Found out the kids wanting to help in the fish duties. Dumped a bunch of yeast into the culture and from their description it was probably 200x what I feed in a week.
So I now know the how, just not the what.

thanks


----------



## barvinok (Nov 20, 2011)

Sorry your culture crashed, kids just wanted to help. 
How you kept your culture so prolific? I understand you feed it with east but how much and did you dissolved them before? Tried yeast before and it did not work for me


----------



## AccidentalAquarist (Sep 11, 2013)

I feed them yeast, spirullina, chlorella every other day. I take a bit of water out of the culture and mix in the food then add it back to the jar. a 25% water changes in between feeding days. 100% water change ever other week.
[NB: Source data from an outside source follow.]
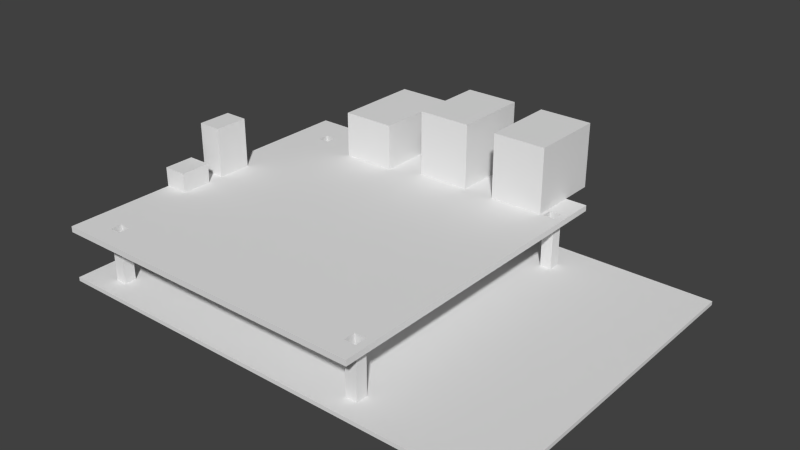 # Source: beagleboard-xm.blend  (saved by Blender 2.63.14; exported with 4.5.12 LTS)
import bpy
from mathutils import Matrix  # noqa: F401  (used for matrix-valued properties, if any)

bpy.ops.wm.read_factory_settings(use_empty=True)
scene = bpy.context.scene
scene.name = 'Scene'

# ---- collections
col_collection_1 = bpy.data.collections.new('Collection 1'); scene.collection.children.link(col_collection_1)
col_collection_5 = bpy.data.collections.new('Collection 5'); scene.collection.children.link(col_collection_5)
col_collection_20 = bpy.data.collections.new('Collection 20'); scene.collection.children.link(col_collection_20)
col_collection_20.hide_render = True
col_collection_20.hide_viewport = True
col_vga = bpy.data.collections.new('VGA')  # instanced only; not linked into the scene

# ---- materials (node trees are filled in below, after node groups)
mat_ble_red = bpy.data.materials.new('ble_red')
mat_ble_blue = bpy.data.materials.new('ble_blue')
mat_ble_textolite = bpy.data.materials.new('ble_textolite')
mat_ble_black = bpy.data.materials.new('ble_black')
mat_cyc_chrome = bpy.data.materials.new('cyc_chrome')

# ---- material node trees

# ---- world
world_world = bpy.data.worlds.new('World'); scene.world = world_world
world_world.color = (0.05088, 0.05088, 0.05088)
world_world.use_sun_shadow = False
world_world.sun_shadow_jitter_overblur = 0.0
world_world.cycles.sampling_method = 'MANUAL'
world_world.cycles.sample_map_resolution = 256

# ---- meshes
me_beagleboard = bpy.data.meshes.new('beagleboard')
me_beagleboard.from_pydata([(-119.8, 1.526e-05, 13.0), (-34.35, 0.0, 13.0), (-119.8, 85.48, 13.0), (-34.35, 85.48, 13.0), (-34.35, 77.48, 13.0), (-119.8, 77.48, 13.0), (-39.35, 4.999, 13.0), (-39.35, 0.0, 13.0), (-36.35, 0.0, 13.0), (-36.35, 85.48, 13.0), (-36.35, 77.48, 13.0), (-36.35, 4.999, 13.0), (-119.8, 4.999, 13.0), (-34.35, 4.999, 13.0), (-39.35, 8.003, 13.0), (-39.35, 74.48, 13.0), (-119.8, 8.003, 13.0), (-34.35, 8.003, 13.0), (-111.8, 8.003, 13.0), (-36.35, 8.003, 13.0), (-108.8, 74.48, 13.0), (-108.8, 1.526e-05, 13.0), (-111.8, 4.999, 13.0), (-111.8, 85.48, 13.0), (-111.8, 1.526e-05, 13.0), (-111.8, 77.48, 13.0), (-111.8, 74.48, 13.0), (-36.35, 74.48, 13.0), (-34.35, 74.48, 13.0), (-119.8, 74.48, 13.0), (-39.35, 77.48, 13.0), (-39.35, 85.48, 13.0), (-108.8, 8.003, 13.0), (-108.8, 4.999, 13.0), (-108.8, 77.48, 13.0), (-108.8, 85.48, 13.0), (-119.8, 1.526e-05, 14.5), (-34.35, 0.0, 14.5), (-119.8, 85.48, 14.5), (-34.35, 85.48, 14.5), (-34.35, 77.48, 14.5), (-119.8, 77.48, 14.5), (-39.35, 4.999, 14.5), (-39.35, 0.0, 14.5), (-36.35, 0.0, 14.5), (-36.35, 85.48, 14.5), (-36.35, 77.48, 14.5), (-36.35, 4.999, 14.5), (-119.8, 4.999, 14.5), (-34.35, 4.999, 14.5), (-39.35, 8.003, 14.5), (-39.35, 74.48, 14.5), (-119.8, 8.003, 14.5), (-34.35, 8.003, 14.5), (-111.8, 8.003, 14.5), (-36.35, 8.003, 14.5), (-108.8, 74.48, 14.5), (-108.8, 1.526e-05, 14.5), (-111.8, 4.999, 14.5), (-111.8, 85.48, 14.5), (-111.8, 1.526e-05, 14.5), (-111.8, 77.48, 14.5), (-111.8, 74.48, 14.5), (-36.35, 74.48, 14.5), (-34.35, 74.48, 14.5), (-119.8, 74.48, 14.5), (-39.35, 77.48, 14.5), (-39.35, 85.48, 14.5), (-108.8, 8.003, 14.5), (-108.8, 4.999, 14.5), (-108.8, 77.48, 14.5), (-108.8, 85.48, 14.5), (-40.08, 94.24, 14.5), (-40.08, 74.24, 14.5), (-54.11, 74.24, 14.5), (-54.11, 94.24, 14.5), (-40.08, 94.24, 31.5), (-40.08, 74.24, 31.5), (-54.11, 74.24, 31.5), (-54.11, 94.24, 31.5), (-62.08, 94.24, 14.5), (-62.08, 74.24, 14.5), (-76.11, 74.24, 14.5), (-76.11, 94.24, 14.5), (-62.08, 94.24, 31.5), (-62.08, 74.24, 31.5), (-76.11, 74.24, 31.5), (-76.11, 94.24, 31.5), (-84.08, 94.24, 14.5), (-84.08, 71.24, 14.5), (-98.11, 71.24, 14.5), (-98.11, 94.24, 14.5), (-84.08, 94.24, 26.5), (-84.08, 71.24, 26.5), (-98.11, 71.24, 26.5), (-98.11, 94.24, 26.5), (-40.08, 94.24, 20.17), (-40.08, 94.24, 25.83), (-54.11, 94.24, 25.83), (-54.11, 94.24, 20.17), (-62.08, 94.24, 20.17), (-62.08, 94.24, 25.83), (-76.11, 94.24, 25.83), (-76.11, 94.24, 20.17), (-40.64, 94.24, 14.72), (-53.55, 94.24, 14.72), (-40.64, 94.24, 31.28), (-53.55, 94.24, 31.28), (-62.64, 94.24, 14.72), (-75.55, 94.24, 14.72), (-62.64, 94.24, 31.28), (-75.55, 94.24, 31.28), (-40.64, 94.24, 19.94), (-40.64, 94.24, 26.06), (-53.55, 94.24, 26.06), (-53.55, 94.24, 19.94), (-62.64, 94.24, 19.94), (-62.64, 94.24, 26.06), (-75.55, 94.24, 26.06), (-75.55, 94.24, 19.94), (-40.64, 86.48, 14.72), (-53.55, 86.48, 14.72), (-40.64, 86.48, 31.28), (-53.55, 86.48, 31.28), (-62.64, 86.48, 14.72), (-75.55, 86.48, 14.72), (-62.64, 86.48, 31.28), (-75.55, 86.48, 31.28), (-40.64, 86.48, 19.94), (-40.64, 86.48, 26.06), (-53.55, 86.48, 26.06), (-53.55, 86.48, 19.94), (-62.64, 86.48, 19.94), (-62.64, 86.48, 26.06), (-75.55, 86.48, 26.06), (-75.55, 86.48, 19.94), (-84.68, 94.24, 15.01), (-97.51, 94.24, 15.01), (-84.68, 94.24, 25.99), (-97.51, 94.24, 25.99), (-84.68, 86.17, 15.01), (-97.51, 86.17, 15.01), (-84.68, 86.17, 25.99), (-97.51, 86.17, 25.99), (-113.7, 40.6, 14.5), (-119.9, 40.6, 14.5), (-119.9, 49.6, 14.5), (-113.7, 49.6, 14.5), (-113.7, 36.6, 14.5), (-119.9, 36.6, 14.5), (-113.7, 28.6, 14.5), (-119.9, 28.6, 14.5), (-113.7, 26.6, 12.94), (-119.9, 26.6, 12.94), (-113.7, 12.6, 12.94), (-119.9, 12.6, 12.94), (-113.7, 40.6, 27.5), (-119.9, 40.6, 27.5), (-119.9, 49.6, 27.5), (-113.7, 49.6, 27.5), (-113.7, 36.6, 19.5), (-119.9, 36.6, 19.5), (-113.7, 28.6, 19.5), (-119.9, 28.6, 19.5), (-113.7, 26.6, 10.94), (-119.9, 26.6, 10.94), (-113.7, 12.6, 10.94), (-119.9, 12.6, 10.94), (-119.8, 1.526e-05, 0.0), (-34.35, 0.0, 0.0), (-119.8, 85.48, 0.0), (-34.35, 85.48, 0.0), (-34.35, 77.48, 0.0), (-119.8, 77.48, 0.0), (-39.35, 4.999, 0.0), (-39.35, 0.0, 0.0), (-36.35, 0.0, 0.0), (-36.35, 85.48, 0.0), (-36.35, 77.48, 0.0), (-36.35, 4.999, 0.0), (-119.8, 4.999, 0.0), (-34.35, 4.999, 0.0), (-39.35, 8.003, 0.0), (-39.35, 74.48, 0.0), (-119.8, 8.003, 0.0), (-34.35, 8.003, 0.0), (-111.8, 8.003, 0.0), (-36.35, 8.003, 0.0), (-108.8, 74.48, 0.0), (-108.8, 1.526e-05, 0.0), (-111.8, 4.999, 0.0), (-111.8, 85.48, 0.0), (-111.8, 1.526e-05, 0.0), (-111.8, 77.48, 0.0), (-111.8, 74.48, 0.0), (-36.35, 74.48, 0.0), (-34.35, 74.48, 0.0), (-119.8, 74.48, 0.0), (-39.35, 77.48, 0.0), (-39.35, 85.48, 0.0), (-108.8, 8.003, 0.0), (-108.8, 4.999, 0.0), (-108.8, 77.48, 0.0), (-108.8, 85.48, 0.0), (-119.8, 1.526e-05, 1.0), (-34.35, 0.0, 1.0), (-119.8, 85.48, 1.0), (-34.35, 85.48, 1.0), (-34.35, 77.48, 1.0), (-119.8, 77.48, 1.0), (-39.35, 4.999, 1.0), (-39.35, 0.0, 1.0), (-36.35, 0.0, 1.0), (-36.35, 85.48, 1.0), (-36.35, 77.48, 1.0), (-36.35, 4.999, 1.0), (-119.8, 4.999, 1.0), (-34.35, 4.999, 1.0), (-39.35, 8.003, 1.0), (-39.35, 74.48, 1.0), (-119.8, 8.003, 1.0), (-34.35, 8.003, 1.0), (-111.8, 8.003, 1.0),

Probably over doing it on water changes but it's working for me.


----------



## AccidentalAquarist (Sep 11, 2013)

I also have about 1/3" of crushed coral on the bottom of the jar and 3-4" subwassertang (sp), a few cherry shrimp, a few huge ramshorn snails
Not sure if that makes a difference, but a little greenery and the larger inhabitants makes it look nicer sitting on the window sill.


----------



## mollyb (May 18, 2010)

I know one guy who used to get his daphnia from the boat pond in Beacon Hill park, just netted stuff out of the water, made sure there were no 'bad hitchhikers'.


----------



## AccidentalAquarist (Sep 11, 2013)

mollyb said:


> I know one guy who used to get his daphnia from the boat pond in Beacon Hill park, just netted stuff out of the water, made sure there were no 'bad hitchhikers'.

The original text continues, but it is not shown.